Other members of the executive staff more willingly sacrificed bits of gray matter, and Charlie made sure their rooms were stocked with their favorite indulgences in case they didn't make it to the party down in the Den.
"It's always cool to see people let loose and have a good time," Charlie observed, confirming the opportunities for staff bonding. "Googlers really let go in ways you wouldn't have seen otherwise." He may have had in mind the toga-wearing ops guys who were only too willing to prove they were unburdened by underwear. Or maybe the sales rep who jumped on the back of another Googler, pulled off her shirt, and began whipping him with it jockey style. Or perhaps the senior manager seen crawling on all fours in the hallway, barking like an inebriated hound.

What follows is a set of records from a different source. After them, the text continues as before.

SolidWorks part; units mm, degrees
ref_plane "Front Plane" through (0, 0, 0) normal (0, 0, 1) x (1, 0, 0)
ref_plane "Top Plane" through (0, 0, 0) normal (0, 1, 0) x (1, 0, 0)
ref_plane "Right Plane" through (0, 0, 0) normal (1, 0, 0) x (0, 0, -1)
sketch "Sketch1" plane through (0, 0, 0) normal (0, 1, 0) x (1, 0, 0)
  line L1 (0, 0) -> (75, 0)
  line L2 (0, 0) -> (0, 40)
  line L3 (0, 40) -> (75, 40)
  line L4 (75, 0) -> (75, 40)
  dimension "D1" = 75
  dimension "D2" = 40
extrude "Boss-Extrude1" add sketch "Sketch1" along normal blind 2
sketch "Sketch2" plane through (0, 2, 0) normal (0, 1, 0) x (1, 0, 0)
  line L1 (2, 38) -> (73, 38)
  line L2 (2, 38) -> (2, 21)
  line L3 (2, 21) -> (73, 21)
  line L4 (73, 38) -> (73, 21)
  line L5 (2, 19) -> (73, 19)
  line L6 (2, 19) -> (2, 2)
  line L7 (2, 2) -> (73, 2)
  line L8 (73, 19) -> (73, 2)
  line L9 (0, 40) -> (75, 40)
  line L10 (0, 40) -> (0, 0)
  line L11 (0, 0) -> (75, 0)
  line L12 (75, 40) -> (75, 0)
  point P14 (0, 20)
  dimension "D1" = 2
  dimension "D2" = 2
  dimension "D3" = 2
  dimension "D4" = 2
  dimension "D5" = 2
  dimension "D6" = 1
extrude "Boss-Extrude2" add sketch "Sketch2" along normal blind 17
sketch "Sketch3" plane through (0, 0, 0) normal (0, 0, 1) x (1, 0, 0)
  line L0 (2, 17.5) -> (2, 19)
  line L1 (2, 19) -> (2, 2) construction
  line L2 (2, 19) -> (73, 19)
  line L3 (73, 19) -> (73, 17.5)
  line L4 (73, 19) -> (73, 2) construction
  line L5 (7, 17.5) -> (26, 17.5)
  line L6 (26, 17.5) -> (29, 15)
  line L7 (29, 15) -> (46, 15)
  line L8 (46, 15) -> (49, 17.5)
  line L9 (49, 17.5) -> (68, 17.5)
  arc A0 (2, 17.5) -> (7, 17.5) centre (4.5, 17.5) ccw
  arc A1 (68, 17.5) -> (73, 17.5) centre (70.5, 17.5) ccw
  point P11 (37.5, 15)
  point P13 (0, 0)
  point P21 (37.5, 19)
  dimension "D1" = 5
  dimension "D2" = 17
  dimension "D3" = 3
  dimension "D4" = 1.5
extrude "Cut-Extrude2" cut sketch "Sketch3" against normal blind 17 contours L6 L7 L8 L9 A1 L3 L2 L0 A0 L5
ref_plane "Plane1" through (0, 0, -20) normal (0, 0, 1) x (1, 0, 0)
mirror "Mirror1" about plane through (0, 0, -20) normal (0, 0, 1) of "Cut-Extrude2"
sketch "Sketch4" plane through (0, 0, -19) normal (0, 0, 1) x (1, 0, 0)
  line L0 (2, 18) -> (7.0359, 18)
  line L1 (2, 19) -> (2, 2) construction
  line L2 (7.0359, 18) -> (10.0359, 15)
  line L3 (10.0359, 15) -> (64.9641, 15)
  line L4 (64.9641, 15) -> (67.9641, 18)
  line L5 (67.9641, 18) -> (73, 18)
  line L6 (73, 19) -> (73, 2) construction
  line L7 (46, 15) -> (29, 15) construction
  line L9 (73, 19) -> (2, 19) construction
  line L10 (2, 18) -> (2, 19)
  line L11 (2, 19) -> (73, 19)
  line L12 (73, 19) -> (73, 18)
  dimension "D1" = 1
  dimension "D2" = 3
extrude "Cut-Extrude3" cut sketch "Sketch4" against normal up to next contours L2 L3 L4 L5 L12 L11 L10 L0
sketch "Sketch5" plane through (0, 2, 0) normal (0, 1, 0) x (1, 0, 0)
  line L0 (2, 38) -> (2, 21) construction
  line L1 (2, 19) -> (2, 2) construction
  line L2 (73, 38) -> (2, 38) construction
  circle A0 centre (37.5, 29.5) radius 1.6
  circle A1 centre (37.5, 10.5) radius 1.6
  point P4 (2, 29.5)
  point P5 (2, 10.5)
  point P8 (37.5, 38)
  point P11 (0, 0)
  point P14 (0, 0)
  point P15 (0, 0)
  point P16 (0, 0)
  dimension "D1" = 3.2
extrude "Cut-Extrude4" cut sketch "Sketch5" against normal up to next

There was a pajama party with costume prizes. Larry won a bet with Sergey, Salar, and engineer Lori Park that ended with the losers jumping into an icy Lake Tahoe after dinner.
"We tried to re-create Google's 'un-corporation' attitude," Charlie explained to me, "a kind of 'fuck you' to the man, the way Google was saying that same thing to the tech industry as a whole."
Some people who visited Charlie's Den never left, crashing on the floor for the night, though that carried risks of its own, since passing out left one vulnerable to the sophomoric pranks of those still sober enough to stand. Others couldn't remember where they had fallen: one engineer woke up without his clothes and eventually discovered he'd left them at the hot tub. He sheepishly reclaimed them from the front desk. All night long, white-terry-robed figures circulated from room to room, then down to the bar or out to the boulder-shrouded spa, in Lupercalian celebration of the season.
As the company grew in size, more non-engineers participated. Many were female. The Google ski trip came to be known as a great party to crash, with live dance music from bands like the Fabulous Thunderbirds, ample alcohol, and lots of young, unattached people looking to undo the stress of Silicon Valley lives. Uninvited guests were legion.
I uninvited myself after my first trip, and found myself working uninterrupted in the Plex as phones went unanswered all around me. I walked interview candidates down empty hallways and ate pizza I ordered in for the few of us still around. Ski week became my time to clear my inbox and catch up on lagging projects.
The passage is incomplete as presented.